Robert R. Douglass, who was among the last surviving members of Gov. Nelson A. Rockefeller’s inner circle, an adviser to David Rockefeller and the Chase Bank, and a catalyst in the revitalization of Lower Manhattan, died on Tuesday at his home in Greenwich, Conn. He was 85.

The cause was complications of Parkinson’s disease, his son Andrew said.

Mr. Douglass was counsel and secretary to Nelson Rockefeller, the four-term Republican governor from New York. He also managed his short-lived 1968 presidential campaign and shepherded him through contentious confirmation hearings for the vice presidency in 1974, when Rockefeller was recruited by the newly elevated president, Gerald R. Ford. The hearings in Congress drew hostile fire over Rockefeller’s personal finances and potential conflicts.

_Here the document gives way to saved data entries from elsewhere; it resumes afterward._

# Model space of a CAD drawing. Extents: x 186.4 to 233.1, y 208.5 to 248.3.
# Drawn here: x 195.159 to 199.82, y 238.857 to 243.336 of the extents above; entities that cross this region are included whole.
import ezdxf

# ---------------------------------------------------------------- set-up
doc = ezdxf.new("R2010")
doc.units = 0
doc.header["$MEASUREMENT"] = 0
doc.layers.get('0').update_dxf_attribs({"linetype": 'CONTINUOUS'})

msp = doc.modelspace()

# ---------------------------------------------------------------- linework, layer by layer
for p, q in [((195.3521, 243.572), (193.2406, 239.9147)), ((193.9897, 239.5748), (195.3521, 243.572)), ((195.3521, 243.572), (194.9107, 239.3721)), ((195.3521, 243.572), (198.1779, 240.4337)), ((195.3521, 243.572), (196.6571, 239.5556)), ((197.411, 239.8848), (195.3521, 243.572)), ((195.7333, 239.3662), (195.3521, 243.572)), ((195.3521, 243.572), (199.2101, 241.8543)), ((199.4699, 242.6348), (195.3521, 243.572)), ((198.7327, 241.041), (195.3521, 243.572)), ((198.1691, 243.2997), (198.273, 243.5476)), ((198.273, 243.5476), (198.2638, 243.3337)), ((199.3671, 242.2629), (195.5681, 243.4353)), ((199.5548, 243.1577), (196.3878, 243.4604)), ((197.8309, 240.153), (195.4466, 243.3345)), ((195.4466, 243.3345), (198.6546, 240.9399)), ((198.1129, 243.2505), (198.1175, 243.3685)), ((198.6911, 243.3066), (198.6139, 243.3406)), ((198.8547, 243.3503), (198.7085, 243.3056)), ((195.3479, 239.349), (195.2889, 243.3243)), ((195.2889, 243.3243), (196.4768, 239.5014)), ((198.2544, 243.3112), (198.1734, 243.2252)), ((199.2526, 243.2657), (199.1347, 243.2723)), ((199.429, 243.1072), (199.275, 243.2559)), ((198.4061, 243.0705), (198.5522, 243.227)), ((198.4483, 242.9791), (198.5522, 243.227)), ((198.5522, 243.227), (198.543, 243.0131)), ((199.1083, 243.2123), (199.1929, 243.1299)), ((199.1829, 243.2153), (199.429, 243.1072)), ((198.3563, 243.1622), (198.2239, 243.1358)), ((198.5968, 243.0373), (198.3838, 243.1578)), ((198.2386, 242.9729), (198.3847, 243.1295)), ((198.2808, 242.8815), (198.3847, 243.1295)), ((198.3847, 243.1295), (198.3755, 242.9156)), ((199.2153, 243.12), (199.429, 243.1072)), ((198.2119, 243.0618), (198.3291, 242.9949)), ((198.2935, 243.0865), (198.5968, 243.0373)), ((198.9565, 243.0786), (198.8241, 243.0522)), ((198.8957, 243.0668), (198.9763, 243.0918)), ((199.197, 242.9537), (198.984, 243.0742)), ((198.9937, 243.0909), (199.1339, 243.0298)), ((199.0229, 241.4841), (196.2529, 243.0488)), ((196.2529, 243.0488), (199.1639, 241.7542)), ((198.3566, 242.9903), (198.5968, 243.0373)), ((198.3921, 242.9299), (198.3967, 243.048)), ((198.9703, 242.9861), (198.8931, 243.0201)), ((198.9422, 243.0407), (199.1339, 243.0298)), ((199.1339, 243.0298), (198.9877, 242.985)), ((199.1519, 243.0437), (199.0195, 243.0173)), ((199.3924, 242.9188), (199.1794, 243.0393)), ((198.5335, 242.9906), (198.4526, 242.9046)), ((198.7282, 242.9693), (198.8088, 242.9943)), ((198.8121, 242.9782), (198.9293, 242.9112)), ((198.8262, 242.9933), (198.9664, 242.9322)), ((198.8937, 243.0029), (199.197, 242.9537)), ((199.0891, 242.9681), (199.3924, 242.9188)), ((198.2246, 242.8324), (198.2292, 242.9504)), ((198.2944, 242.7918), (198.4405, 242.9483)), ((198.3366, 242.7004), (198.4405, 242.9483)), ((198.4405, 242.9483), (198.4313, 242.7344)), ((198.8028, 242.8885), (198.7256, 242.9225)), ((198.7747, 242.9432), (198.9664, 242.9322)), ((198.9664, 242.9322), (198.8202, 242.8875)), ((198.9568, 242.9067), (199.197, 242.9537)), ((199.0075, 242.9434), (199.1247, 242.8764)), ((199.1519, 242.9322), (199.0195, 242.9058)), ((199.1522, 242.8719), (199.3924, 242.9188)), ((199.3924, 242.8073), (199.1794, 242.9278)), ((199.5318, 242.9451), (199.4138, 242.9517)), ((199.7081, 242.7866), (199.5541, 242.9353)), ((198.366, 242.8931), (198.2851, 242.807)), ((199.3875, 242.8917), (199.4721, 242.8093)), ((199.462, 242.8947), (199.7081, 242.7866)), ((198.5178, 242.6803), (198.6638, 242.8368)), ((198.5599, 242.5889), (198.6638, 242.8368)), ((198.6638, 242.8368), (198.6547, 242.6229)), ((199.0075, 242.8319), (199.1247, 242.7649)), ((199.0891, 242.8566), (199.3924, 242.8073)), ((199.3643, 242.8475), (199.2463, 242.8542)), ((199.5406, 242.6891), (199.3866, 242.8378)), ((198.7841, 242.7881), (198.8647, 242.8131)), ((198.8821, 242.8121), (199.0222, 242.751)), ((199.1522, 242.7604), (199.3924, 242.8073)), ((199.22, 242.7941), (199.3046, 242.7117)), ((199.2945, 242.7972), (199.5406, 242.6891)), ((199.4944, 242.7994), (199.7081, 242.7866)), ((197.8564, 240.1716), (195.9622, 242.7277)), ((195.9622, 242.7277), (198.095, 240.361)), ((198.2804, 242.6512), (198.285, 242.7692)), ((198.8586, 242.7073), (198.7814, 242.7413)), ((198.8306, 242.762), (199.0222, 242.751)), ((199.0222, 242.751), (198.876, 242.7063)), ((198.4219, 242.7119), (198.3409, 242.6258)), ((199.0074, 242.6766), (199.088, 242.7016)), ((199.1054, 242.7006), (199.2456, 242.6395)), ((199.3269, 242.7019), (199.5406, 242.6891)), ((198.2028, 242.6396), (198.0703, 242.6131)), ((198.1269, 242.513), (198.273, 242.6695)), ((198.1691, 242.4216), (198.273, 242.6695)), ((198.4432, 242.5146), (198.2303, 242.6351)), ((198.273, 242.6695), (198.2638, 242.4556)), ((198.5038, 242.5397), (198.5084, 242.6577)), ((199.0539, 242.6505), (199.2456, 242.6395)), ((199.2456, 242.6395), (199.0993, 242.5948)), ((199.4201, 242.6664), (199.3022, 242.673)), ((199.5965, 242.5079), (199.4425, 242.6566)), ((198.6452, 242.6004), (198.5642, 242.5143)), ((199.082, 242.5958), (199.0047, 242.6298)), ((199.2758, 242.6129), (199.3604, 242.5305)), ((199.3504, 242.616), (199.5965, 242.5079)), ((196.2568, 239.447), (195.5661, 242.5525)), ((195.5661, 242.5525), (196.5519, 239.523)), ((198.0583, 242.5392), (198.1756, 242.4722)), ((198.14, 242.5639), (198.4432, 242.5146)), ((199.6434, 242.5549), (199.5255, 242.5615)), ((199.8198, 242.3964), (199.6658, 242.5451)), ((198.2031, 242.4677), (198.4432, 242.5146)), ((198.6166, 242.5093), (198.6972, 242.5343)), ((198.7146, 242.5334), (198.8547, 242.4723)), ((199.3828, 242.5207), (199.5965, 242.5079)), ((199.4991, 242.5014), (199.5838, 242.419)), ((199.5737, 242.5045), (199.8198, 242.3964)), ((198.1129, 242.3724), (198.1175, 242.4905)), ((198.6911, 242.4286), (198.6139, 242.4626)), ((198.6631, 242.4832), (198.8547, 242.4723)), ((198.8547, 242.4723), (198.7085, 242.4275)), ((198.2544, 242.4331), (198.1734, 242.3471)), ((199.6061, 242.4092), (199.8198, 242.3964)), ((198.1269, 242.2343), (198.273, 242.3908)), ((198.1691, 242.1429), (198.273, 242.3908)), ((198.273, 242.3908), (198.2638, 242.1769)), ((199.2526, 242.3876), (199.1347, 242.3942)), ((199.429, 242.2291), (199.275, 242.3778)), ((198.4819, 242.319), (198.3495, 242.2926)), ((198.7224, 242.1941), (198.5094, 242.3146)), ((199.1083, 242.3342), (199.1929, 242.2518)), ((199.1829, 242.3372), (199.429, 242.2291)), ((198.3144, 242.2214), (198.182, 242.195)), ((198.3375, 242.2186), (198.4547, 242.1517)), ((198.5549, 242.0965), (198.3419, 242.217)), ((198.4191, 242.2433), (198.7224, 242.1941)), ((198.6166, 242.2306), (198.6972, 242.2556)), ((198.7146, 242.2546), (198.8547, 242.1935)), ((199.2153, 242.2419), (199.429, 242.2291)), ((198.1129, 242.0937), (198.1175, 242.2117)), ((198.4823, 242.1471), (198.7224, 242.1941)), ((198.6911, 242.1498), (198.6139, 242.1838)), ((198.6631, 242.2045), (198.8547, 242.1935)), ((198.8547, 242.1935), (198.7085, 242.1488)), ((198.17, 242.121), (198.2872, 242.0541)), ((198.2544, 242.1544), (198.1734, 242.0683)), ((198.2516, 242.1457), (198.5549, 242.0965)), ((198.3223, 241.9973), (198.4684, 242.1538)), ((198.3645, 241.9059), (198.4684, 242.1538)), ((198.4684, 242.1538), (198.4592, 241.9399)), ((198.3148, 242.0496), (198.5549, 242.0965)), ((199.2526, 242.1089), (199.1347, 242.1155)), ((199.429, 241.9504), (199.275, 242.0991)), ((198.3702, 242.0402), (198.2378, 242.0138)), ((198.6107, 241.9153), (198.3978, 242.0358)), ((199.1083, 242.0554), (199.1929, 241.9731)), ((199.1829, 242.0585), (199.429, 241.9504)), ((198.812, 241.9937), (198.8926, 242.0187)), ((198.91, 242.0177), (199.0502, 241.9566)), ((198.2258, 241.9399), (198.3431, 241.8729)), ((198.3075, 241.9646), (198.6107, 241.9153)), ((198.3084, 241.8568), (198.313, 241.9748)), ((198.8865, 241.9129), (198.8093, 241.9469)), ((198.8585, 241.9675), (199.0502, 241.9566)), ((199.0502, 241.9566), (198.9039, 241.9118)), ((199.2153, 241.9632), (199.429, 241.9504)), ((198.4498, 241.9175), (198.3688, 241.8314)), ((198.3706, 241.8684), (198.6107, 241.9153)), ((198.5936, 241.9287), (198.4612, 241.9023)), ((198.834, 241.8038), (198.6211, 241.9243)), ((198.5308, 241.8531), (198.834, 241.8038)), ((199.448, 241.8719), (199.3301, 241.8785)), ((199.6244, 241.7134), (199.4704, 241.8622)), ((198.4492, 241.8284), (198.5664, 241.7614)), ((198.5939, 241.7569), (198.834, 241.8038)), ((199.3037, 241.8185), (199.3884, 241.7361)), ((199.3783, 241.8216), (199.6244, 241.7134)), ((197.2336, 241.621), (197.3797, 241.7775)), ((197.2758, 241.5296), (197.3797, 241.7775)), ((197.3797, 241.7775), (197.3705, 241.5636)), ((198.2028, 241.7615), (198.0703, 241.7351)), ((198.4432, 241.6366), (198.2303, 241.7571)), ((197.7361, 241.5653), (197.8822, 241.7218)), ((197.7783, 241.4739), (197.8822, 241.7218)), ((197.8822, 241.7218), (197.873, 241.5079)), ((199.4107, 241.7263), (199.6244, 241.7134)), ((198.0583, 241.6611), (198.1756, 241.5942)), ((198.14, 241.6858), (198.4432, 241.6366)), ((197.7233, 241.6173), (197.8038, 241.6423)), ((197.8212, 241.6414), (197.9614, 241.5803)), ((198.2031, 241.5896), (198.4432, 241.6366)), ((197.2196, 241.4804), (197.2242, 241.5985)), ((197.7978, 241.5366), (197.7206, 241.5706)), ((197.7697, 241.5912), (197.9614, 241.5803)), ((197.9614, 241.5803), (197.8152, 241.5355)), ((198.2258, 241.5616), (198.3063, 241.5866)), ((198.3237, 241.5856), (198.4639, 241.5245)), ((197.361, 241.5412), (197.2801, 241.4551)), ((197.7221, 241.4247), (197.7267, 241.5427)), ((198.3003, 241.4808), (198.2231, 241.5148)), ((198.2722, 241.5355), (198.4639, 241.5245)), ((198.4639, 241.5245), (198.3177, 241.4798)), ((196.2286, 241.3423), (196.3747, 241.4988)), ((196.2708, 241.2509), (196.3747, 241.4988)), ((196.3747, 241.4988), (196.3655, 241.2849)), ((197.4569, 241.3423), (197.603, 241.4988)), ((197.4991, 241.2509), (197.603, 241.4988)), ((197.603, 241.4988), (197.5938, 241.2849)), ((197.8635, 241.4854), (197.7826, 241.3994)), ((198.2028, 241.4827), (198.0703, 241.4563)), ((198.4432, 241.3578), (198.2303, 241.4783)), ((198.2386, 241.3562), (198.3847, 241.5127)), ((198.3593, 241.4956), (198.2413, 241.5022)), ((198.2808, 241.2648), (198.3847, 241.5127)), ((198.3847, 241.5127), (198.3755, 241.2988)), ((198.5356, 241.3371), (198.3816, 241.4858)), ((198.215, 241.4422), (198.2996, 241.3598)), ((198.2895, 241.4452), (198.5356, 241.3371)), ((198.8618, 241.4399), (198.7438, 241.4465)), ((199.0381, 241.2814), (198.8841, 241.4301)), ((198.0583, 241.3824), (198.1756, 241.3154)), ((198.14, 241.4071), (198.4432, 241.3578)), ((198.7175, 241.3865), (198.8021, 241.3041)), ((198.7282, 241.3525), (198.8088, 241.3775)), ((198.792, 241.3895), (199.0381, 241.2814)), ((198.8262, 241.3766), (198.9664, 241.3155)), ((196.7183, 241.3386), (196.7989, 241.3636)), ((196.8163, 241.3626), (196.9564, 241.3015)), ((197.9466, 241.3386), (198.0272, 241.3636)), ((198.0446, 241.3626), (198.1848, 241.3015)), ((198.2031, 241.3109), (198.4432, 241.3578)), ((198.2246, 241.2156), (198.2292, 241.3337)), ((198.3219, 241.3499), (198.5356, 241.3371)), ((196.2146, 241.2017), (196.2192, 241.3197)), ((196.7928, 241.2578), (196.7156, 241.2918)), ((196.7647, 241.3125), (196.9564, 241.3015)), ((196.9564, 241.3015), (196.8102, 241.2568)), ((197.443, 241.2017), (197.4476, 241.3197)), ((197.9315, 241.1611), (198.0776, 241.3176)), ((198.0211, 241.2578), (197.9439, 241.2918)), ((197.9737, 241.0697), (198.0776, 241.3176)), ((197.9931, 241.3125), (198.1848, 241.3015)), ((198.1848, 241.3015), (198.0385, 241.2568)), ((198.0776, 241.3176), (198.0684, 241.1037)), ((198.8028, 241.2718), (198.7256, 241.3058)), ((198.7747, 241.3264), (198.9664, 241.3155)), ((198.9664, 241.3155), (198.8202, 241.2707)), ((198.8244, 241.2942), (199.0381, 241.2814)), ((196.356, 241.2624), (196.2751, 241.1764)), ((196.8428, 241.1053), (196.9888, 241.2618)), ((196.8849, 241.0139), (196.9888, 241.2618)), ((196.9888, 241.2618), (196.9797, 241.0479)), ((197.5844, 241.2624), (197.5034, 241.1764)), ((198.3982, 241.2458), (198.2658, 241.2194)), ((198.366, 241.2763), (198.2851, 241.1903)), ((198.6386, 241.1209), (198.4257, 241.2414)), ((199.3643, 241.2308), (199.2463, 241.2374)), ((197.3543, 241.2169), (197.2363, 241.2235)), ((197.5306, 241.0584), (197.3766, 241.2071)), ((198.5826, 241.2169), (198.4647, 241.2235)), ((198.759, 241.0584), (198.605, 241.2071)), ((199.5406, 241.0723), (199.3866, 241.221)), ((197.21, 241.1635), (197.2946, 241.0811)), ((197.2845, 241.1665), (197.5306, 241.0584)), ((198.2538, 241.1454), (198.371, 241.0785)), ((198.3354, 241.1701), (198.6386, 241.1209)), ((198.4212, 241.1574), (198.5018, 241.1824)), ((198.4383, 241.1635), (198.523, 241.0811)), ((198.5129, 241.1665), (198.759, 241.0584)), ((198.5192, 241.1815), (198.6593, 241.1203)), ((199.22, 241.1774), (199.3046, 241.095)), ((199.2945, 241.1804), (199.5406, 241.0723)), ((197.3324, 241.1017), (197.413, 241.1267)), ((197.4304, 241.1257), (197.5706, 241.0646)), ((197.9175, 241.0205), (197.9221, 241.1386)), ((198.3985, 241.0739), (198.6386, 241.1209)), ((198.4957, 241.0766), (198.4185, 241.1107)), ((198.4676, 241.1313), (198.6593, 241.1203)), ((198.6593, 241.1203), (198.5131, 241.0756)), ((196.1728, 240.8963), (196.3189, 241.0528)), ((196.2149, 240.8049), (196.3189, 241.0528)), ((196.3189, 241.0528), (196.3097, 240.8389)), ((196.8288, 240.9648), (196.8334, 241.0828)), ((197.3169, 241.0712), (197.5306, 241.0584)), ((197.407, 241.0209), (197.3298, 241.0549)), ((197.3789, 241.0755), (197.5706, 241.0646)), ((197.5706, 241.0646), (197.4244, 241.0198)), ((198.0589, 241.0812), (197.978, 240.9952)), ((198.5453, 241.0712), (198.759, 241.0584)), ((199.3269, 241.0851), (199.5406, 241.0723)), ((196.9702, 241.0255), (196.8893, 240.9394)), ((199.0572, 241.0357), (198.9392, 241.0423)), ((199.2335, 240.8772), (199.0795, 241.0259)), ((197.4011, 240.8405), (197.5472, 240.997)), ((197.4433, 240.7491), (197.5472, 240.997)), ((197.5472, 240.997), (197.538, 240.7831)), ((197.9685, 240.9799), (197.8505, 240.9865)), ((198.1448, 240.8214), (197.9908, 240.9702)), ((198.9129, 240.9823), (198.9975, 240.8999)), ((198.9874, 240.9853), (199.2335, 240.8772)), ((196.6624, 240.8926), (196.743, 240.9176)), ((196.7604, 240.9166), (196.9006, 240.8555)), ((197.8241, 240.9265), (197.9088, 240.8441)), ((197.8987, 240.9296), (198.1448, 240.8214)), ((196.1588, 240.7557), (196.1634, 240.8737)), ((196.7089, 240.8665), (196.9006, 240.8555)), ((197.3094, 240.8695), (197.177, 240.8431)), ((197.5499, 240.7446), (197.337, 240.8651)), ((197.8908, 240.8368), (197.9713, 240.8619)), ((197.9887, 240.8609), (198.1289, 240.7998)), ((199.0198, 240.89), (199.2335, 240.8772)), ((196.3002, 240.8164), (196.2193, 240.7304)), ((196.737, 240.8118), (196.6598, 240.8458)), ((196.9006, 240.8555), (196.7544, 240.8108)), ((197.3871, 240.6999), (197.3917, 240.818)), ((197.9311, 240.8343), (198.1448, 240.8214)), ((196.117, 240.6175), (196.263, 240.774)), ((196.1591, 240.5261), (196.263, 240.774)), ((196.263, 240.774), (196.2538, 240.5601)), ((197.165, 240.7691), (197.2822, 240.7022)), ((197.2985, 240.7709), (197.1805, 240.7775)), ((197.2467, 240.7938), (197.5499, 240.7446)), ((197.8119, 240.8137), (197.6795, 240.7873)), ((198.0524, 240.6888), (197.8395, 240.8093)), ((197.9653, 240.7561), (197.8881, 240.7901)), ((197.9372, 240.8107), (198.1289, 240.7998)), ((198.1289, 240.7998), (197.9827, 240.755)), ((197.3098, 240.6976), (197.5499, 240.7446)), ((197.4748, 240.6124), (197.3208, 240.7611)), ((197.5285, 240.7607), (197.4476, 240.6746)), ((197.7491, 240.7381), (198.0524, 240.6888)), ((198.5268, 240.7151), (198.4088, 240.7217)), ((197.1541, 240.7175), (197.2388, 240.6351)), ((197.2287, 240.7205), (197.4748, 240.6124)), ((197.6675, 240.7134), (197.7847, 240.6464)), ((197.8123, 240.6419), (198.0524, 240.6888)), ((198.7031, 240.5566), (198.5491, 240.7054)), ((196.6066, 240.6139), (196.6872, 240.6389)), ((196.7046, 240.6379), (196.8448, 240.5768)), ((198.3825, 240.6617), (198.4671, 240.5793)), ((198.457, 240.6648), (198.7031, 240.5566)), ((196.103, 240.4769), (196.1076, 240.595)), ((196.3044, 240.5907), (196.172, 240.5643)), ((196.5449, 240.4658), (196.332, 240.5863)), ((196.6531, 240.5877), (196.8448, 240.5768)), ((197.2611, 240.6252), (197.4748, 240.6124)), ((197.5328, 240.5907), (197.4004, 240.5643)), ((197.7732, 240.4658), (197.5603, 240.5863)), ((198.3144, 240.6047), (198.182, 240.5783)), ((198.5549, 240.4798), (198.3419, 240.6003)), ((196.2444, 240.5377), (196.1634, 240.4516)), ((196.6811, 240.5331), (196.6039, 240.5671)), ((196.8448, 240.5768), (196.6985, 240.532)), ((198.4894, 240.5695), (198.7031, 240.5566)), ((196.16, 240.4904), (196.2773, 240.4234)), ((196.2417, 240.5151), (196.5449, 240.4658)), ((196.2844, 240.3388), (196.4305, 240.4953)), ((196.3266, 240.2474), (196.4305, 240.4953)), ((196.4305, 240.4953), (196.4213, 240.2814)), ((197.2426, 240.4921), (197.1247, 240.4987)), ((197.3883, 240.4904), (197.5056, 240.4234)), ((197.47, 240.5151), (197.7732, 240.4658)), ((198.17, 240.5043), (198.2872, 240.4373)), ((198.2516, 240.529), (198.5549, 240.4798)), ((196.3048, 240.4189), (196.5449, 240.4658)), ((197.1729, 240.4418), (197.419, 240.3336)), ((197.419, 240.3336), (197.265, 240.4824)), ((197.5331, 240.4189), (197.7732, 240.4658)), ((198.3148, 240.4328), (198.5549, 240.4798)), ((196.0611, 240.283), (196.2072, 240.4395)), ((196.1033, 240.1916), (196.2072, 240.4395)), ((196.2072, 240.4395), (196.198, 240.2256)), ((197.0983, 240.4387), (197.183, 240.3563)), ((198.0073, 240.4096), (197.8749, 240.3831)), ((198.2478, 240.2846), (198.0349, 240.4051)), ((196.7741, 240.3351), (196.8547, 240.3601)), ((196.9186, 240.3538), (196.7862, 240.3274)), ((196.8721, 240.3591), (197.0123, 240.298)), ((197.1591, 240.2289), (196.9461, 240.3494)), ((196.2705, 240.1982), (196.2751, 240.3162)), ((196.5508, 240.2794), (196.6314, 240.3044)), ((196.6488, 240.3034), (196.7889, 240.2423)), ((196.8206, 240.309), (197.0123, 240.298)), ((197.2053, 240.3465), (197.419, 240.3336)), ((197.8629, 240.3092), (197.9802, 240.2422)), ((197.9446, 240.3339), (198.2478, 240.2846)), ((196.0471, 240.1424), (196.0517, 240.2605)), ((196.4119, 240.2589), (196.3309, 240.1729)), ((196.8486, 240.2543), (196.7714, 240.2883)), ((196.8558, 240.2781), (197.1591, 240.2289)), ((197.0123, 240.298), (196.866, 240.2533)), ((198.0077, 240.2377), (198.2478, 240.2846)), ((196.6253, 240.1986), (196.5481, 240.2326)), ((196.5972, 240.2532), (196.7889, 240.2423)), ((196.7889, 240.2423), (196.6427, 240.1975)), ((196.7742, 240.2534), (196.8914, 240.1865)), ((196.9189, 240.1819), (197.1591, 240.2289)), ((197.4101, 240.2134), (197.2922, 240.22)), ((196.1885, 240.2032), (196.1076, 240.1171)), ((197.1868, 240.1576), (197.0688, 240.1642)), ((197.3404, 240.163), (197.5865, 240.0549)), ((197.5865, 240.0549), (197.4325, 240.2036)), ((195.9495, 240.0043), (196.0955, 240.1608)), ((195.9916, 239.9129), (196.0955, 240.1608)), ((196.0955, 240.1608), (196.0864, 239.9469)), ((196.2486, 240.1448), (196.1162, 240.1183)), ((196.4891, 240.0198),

Mr. Douglass was later general counsel and vice chairman of Chase, the bank long associated with the Rockefeller family. Nelson’s brother David was the bank’s president, chief executive or chairman from 1960 to 1981 and, at times, the largest individual stockholder.

For two decades, from 1995 until he retired in 2015, Mr. Douglass was the chairman of the Alliance for Downtown New York, the self-taxing business improvement district — the largest in North America — organized by the Downtown Lower Manhattan Association, which David Rockefeller founded in 1958, when the Financial District was wilting.

“Bob gave me wise and thoughtful counsel, never once letting me down,” David Rockefeller said in a statement after Mr. Douglass’s death. “He was always an honest broker to our family.”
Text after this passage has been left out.